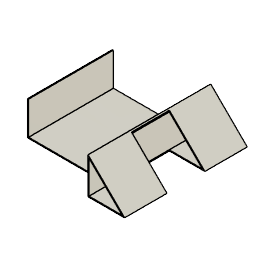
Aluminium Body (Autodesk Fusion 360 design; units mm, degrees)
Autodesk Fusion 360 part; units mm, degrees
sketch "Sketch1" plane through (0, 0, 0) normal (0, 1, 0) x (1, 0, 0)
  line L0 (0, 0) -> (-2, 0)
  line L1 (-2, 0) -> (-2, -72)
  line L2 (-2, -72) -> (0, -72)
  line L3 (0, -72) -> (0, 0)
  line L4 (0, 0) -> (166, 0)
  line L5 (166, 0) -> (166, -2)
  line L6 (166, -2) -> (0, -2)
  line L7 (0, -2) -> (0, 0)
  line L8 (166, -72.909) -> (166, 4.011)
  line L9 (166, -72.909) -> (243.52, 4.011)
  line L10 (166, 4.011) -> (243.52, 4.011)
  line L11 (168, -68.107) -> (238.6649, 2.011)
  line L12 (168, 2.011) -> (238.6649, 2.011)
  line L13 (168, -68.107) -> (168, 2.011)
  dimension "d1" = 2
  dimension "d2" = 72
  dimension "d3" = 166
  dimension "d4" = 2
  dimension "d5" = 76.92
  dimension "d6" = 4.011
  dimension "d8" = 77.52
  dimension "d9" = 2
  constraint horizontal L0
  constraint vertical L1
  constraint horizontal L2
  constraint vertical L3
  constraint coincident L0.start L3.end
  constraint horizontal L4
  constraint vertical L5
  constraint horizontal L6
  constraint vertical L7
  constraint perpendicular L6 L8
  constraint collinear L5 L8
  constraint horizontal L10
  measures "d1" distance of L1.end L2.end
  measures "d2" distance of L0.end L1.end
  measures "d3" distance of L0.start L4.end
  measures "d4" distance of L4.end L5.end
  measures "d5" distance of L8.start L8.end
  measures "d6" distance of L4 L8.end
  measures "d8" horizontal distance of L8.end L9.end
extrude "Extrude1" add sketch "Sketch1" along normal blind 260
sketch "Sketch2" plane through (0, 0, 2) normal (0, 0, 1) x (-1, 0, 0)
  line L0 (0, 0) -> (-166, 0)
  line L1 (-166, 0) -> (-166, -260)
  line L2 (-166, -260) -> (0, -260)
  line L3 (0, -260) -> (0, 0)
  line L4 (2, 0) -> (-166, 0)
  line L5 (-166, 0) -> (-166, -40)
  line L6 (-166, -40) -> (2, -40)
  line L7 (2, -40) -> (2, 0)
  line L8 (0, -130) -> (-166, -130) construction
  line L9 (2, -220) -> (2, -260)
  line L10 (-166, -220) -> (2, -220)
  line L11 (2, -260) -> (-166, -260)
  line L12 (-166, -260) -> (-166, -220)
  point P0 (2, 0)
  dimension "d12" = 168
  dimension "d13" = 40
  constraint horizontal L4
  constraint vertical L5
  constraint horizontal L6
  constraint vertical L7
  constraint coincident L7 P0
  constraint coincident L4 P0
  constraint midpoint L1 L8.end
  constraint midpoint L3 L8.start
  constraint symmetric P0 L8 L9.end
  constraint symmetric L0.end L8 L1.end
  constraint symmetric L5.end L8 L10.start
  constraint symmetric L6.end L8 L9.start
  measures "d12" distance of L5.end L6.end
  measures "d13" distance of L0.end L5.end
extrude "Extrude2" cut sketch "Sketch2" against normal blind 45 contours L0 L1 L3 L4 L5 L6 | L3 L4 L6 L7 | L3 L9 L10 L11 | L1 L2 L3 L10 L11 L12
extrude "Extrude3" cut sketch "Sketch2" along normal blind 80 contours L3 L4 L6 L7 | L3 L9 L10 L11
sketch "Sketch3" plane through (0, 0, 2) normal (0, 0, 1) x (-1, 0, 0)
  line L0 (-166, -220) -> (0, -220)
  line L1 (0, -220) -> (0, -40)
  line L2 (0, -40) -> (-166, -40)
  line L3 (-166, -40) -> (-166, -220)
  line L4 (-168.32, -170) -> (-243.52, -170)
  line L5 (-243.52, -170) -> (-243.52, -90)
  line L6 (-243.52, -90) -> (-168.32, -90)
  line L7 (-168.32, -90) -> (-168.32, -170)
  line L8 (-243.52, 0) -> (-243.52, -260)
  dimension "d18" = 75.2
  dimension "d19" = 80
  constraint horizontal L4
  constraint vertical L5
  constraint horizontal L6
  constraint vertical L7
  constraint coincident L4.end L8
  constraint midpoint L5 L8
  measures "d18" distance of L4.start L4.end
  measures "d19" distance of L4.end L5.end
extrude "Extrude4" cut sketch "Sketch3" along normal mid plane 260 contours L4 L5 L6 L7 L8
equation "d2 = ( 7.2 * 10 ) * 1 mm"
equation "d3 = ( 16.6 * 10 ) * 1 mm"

GOAL OF THE EXERCISE -
From the material above, retype precisely the lines between the line holding "constraint midpoint L1 L8.end" and the line holding "line L0 (-166, -220) -> (0, -220)", inclusive, and nothing beyond them.

YOUR SOLUTION -
  constraint midpoint L1 L8.end
  constraint midpoint L3 L8.start
  constraint symmetric P0 L8 L9.end
  constraint symmetric L0.end L8 L1.end
  constraint symmetric L5.end L8 L10.start
  constraint symmetric L6.end L8 L9.start
  measures "d12" distance of L5.end L6.end
  measures "d13" distance of L0.end L5.end
extrude "Extrude2" cut sketch "Sketch2" against normal blind 45 contours L0 L1 L3 L4 L5 L6 | L3 L4 L6 L7 | L3 L9 L10 L11 | L1 L2 L3 L10 L11 L12
extrude "Extrude3" cut sketch "Sketch2" along normal blind 80 contours L3 L4 L6 L7 | L3 L9 L10 L11
sketch "Sketch3" plane through (0, 0, 2) normal (0, 0, 1) x (-1, 0, 0)
  line L0 (-166, -220) -> (0, -220)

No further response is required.